Read Section 8.7.1 in the reference manual. This section is about the induction tactic. Just skim it---there's no need to dwell on every possible variation of the tactic.

Read Section 8.13.2 in the reference manual.

Read Section 11.1 in the reference manual. This section is about defining your own notations. Don't bother if you're not that interested in notations.

#### 2008 Feb 18

Today we discussed Coq's type system a bit more. In particular, Coq has both dependent types and universal types but uses the keyword 'forall' for both. Also, 'forall' is not the universal quantification of classical logic, but the more restrictive proof building function of constructive logic. Typing of the case statement in Coq is not as restrictive as in ML, the type of the case can be constructed from the value matched against.

Ben pointed out that you can utf8 characters for funky math symbols if you want to. There is a small file that you can load of already mapped patterns. It is not already in the default load path of Coq, so you must either add to the path or specify the full path name of this file. If you've used a godi installation the file is at : /opt/godi/lib/coq/ide/utf8.

Ben complained because he could not map the symbol '=>' to the symbol he wanted. Mulhern speculated that this was because it was not part of an inductively defined type. This was wrong, think about the fact that 'forall' pops up as a utf8 symbol and it's part of the CC and not an inductive type. These notations are just a pattern matching device. In the words of the ref manual, they bind a syntactic expression to a term. So, you can match against a function definition, but not against the character string '=>'. Here's an example, not using utf8 characters.

Notation " 'lambda' x : T, Z" := (fun (x : T) => Z) (at level 200, x ident, t ident) : type_scope.

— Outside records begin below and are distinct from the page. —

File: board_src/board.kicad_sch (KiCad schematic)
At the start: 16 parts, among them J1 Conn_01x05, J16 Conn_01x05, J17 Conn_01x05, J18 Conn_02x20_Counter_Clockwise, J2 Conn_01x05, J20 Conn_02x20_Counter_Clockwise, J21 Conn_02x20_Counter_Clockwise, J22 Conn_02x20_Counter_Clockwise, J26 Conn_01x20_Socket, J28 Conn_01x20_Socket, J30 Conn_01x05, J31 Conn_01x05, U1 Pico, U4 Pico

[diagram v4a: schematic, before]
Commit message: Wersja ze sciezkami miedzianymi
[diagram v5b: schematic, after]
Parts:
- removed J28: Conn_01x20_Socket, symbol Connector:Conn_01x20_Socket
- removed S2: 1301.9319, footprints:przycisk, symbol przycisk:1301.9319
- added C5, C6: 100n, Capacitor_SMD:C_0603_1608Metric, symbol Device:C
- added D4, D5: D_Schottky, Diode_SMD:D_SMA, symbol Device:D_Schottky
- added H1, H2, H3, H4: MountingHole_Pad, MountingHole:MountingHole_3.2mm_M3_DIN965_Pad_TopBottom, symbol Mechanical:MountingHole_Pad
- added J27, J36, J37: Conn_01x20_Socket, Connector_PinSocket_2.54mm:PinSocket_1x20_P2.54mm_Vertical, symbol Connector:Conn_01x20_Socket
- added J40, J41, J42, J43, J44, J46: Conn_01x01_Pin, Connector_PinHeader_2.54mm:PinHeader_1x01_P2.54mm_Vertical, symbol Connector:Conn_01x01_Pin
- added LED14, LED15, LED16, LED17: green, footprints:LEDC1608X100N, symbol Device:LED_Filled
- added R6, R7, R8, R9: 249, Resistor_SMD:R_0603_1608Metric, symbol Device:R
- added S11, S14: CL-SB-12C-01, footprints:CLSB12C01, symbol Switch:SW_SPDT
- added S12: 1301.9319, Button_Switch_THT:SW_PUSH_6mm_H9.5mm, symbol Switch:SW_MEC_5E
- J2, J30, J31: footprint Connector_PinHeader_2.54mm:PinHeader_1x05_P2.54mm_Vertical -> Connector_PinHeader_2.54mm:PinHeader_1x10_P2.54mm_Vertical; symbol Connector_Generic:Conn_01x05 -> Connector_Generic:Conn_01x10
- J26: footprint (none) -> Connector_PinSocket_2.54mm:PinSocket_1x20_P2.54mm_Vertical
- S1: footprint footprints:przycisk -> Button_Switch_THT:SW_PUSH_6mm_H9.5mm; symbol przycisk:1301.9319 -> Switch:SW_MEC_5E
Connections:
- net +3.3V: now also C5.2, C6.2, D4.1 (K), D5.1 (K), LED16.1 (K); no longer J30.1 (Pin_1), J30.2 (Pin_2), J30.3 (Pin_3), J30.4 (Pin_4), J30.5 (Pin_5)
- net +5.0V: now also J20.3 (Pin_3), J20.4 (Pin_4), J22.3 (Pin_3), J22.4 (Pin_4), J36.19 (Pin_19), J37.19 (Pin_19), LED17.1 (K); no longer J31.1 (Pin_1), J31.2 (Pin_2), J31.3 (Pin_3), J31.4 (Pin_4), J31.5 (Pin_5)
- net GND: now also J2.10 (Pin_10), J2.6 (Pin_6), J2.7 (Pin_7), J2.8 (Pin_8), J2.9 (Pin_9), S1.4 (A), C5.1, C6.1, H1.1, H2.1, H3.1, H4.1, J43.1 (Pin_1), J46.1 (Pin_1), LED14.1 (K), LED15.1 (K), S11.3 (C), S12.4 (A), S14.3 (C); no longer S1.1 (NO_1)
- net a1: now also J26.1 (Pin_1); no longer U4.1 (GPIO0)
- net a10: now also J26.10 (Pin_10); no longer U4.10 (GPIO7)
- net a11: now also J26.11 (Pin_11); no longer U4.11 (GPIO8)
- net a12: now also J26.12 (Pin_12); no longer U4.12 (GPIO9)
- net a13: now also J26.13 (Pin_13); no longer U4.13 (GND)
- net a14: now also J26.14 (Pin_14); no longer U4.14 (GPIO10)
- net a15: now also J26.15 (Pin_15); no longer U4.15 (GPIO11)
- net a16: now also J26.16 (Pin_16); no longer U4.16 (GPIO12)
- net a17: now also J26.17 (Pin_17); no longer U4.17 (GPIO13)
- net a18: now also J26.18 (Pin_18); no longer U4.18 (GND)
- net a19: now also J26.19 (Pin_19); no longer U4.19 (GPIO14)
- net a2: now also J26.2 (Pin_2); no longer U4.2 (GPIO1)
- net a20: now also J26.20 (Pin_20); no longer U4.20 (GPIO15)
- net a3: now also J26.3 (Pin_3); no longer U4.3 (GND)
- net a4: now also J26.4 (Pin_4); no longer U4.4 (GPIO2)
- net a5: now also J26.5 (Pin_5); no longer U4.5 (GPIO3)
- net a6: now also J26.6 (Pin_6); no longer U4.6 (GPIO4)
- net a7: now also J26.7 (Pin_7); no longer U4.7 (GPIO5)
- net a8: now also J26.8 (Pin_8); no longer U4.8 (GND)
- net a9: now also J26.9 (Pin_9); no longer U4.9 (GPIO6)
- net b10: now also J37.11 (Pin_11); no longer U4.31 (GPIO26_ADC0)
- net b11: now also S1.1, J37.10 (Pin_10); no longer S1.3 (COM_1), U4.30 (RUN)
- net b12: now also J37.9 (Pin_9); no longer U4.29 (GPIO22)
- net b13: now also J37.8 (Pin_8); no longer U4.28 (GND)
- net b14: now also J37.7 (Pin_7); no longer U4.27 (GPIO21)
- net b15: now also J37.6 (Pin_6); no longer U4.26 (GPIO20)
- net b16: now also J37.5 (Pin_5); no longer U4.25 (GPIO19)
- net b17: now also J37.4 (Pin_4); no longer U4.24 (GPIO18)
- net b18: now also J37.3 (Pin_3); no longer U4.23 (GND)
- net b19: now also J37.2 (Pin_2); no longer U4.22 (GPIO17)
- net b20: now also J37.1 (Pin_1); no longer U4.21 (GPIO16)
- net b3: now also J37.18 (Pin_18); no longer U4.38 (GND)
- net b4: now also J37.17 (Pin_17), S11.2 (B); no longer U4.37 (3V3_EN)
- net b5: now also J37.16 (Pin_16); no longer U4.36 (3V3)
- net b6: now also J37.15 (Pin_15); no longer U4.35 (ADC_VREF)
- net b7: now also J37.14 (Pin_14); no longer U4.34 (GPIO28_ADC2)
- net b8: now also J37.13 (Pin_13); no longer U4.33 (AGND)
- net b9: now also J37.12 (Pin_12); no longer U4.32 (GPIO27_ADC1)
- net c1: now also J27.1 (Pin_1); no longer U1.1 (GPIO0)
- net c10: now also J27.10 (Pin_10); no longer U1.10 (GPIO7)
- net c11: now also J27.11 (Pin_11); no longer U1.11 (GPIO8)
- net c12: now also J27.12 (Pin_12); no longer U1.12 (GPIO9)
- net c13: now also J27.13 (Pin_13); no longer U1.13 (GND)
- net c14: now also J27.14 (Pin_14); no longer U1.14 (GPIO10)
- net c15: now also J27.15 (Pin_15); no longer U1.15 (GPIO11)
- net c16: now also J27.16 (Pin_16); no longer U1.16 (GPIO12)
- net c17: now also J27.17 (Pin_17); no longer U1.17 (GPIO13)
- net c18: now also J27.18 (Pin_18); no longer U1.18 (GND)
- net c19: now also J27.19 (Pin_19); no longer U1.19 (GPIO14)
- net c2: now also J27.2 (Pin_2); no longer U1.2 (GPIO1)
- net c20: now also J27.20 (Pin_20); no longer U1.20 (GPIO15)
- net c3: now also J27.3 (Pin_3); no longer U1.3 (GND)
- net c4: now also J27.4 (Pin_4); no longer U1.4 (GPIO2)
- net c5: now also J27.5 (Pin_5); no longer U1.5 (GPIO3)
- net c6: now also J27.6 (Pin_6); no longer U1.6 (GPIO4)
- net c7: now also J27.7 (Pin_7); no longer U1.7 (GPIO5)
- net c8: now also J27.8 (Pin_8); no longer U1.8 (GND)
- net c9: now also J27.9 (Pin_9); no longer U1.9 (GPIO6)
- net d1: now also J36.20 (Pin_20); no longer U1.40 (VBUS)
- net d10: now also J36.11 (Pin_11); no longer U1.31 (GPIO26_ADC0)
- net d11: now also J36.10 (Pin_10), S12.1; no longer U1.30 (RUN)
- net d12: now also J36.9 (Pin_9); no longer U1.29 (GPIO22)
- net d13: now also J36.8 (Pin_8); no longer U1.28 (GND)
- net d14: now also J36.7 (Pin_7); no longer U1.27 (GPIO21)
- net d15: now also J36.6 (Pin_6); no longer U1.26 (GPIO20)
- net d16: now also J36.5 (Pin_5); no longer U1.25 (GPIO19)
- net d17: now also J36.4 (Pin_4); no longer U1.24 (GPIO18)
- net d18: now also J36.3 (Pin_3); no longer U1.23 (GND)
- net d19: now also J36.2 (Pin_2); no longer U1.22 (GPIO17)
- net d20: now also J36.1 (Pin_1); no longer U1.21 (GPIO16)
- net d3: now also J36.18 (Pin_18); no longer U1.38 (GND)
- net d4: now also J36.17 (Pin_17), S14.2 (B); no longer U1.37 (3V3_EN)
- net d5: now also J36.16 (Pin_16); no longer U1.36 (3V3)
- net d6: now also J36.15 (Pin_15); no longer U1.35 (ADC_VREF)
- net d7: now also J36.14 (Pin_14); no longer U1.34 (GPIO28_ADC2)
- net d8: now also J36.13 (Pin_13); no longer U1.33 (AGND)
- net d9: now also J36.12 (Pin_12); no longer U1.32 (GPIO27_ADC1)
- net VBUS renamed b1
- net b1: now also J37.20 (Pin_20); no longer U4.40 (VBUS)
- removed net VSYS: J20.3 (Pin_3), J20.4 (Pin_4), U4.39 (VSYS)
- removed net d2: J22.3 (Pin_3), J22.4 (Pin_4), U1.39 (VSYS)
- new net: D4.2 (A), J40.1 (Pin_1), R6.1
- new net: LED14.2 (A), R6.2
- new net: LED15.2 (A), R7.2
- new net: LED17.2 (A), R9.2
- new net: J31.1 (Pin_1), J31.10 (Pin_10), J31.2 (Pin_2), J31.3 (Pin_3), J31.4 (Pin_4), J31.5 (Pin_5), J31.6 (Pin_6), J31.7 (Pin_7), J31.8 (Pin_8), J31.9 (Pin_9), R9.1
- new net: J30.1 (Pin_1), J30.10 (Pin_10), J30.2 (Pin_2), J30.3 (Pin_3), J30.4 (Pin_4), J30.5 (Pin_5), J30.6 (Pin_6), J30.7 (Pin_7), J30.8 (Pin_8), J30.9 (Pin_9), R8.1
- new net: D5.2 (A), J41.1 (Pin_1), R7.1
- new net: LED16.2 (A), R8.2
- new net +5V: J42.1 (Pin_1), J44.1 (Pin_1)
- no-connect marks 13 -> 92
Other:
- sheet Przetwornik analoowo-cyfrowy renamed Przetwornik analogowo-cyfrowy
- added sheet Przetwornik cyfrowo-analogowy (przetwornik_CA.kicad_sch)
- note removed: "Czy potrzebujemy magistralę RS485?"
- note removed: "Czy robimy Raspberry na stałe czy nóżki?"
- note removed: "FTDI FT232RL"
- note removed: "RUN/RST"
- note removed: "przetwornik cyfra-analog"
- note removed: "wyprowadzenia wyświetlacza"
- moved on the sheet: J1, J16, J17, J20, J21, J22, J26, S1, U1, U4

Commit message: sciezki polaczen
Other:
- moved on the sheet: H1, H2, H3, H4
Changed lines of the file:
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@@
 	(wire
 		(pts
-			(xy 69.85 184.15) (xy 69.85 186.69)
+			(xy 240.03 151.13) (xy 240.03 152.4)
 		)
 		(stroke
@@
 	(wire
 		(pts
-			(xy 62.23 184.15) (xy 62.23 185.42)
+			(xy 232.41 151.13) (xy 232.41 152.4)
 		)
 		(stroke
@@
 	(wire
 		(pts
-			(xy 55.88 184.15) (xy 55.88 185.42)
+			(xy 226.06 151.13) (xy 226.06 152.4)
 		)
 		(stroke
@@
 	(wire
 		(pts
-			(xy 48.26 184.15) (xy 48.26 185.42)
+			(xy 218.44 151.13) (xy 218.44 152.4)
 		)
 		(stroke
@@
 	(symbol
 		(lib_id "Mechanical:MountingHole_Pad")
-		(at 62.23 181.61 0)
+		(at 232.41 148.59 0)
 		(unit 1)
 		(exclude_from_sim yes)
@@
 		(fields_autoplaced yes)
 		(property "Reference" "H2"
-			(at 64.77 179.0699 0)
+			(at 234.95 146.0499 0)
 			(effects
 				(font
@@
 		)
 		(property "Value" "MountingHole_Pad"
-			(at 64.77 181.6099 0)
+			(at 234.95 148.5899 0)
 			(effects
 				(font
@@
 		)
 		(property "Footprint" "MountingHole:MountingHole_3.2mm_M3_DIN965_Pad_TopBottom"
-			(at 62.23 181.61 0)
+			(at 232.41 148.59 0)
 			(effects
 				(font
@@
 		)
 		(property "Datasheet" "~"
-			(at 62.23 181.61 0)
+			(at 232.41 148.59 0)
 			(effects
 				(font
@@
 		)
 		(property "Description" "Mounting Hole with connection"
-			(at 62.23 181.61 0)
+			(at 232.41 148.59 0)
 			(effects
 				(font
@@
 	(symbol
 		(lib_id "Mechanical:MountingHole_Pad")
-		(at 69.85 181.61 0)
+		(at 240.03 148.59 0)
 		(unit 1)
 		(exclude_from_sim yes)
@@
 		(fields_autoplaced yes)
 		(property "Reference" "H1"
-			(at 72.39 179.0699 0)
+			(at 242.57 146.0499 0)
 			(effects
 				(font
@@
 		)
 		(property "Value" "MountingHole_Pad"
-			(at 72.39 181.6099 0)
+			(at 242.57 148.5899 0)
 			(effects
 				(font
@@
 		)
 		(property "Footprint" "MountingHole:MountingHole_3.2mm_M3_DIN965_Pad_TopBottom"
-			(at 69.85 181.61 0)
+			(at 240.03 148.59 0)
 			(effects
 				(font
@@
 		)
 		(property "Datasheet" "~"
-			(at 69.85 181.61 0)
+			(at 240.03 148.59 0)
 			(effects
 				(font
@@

Unfortunately, you're really pushing the expressiveness of notations if you try to do the same thing for match statements.

Check out the exciting things we proved today.

Read Section 1 of "Constructive Logic for All". The first part of the paper goes into a bit of detail about the distinction between intuitionistic logic and classical logic but is not very formal.

Read Section 4 through 4.1 of the Coq Reference Manual.

#### 2008 Feb 11

Check out the exciting things we proved today.

Today we observed that inductive definitions like eq and le are really just a way to package up axioms and place them in our environment. In this case, le_n : forall n : nat, n <= n and le_S : forall n m : nat, n <= m -> n <= S m are the two axioms about le provided by the core part of the Coq standard library.

Also, -> and forall are part of the Calculus of Constructions (CoC) while other things that might seem equally fundamental, like eq are not, but are instead defined in terms of inductive types.

The Curry-Howard isomorphism is important here; in the world of logic -> is implication, but in the world of programs it is the function type.

Our intuition about implication carries over from classical propositional logic---assigning a value of T to A is a lot like finding a proof for A and assigning a value of F to A is a lot like finding a proof of A -> False.

Read Section 1.3 (The Vernacular) of the Coq Reference Manual. There are five sub-sections. Your reading strategy should be as follows. Start each sub-section and read for as long as you are interested, but at least until you grasp the basic syntax of the command discussed in that subsection. Then go on to the next sub-section. You can skip the part about the Function command entirely.

Read Section 30.5 of "Types and Programming Languages" by Benjamin Pierce. Note that in Coq, the symbol Π is represented by the keyword "forall" often abbreviated as ∀. Sorry about that, you'll get used to it.

#### 2008 Feb 4

Check out the exciting things we proved today.

• Make sure that you have a working CoqIde or, at least, coqtop.
• Bring something to write with and on.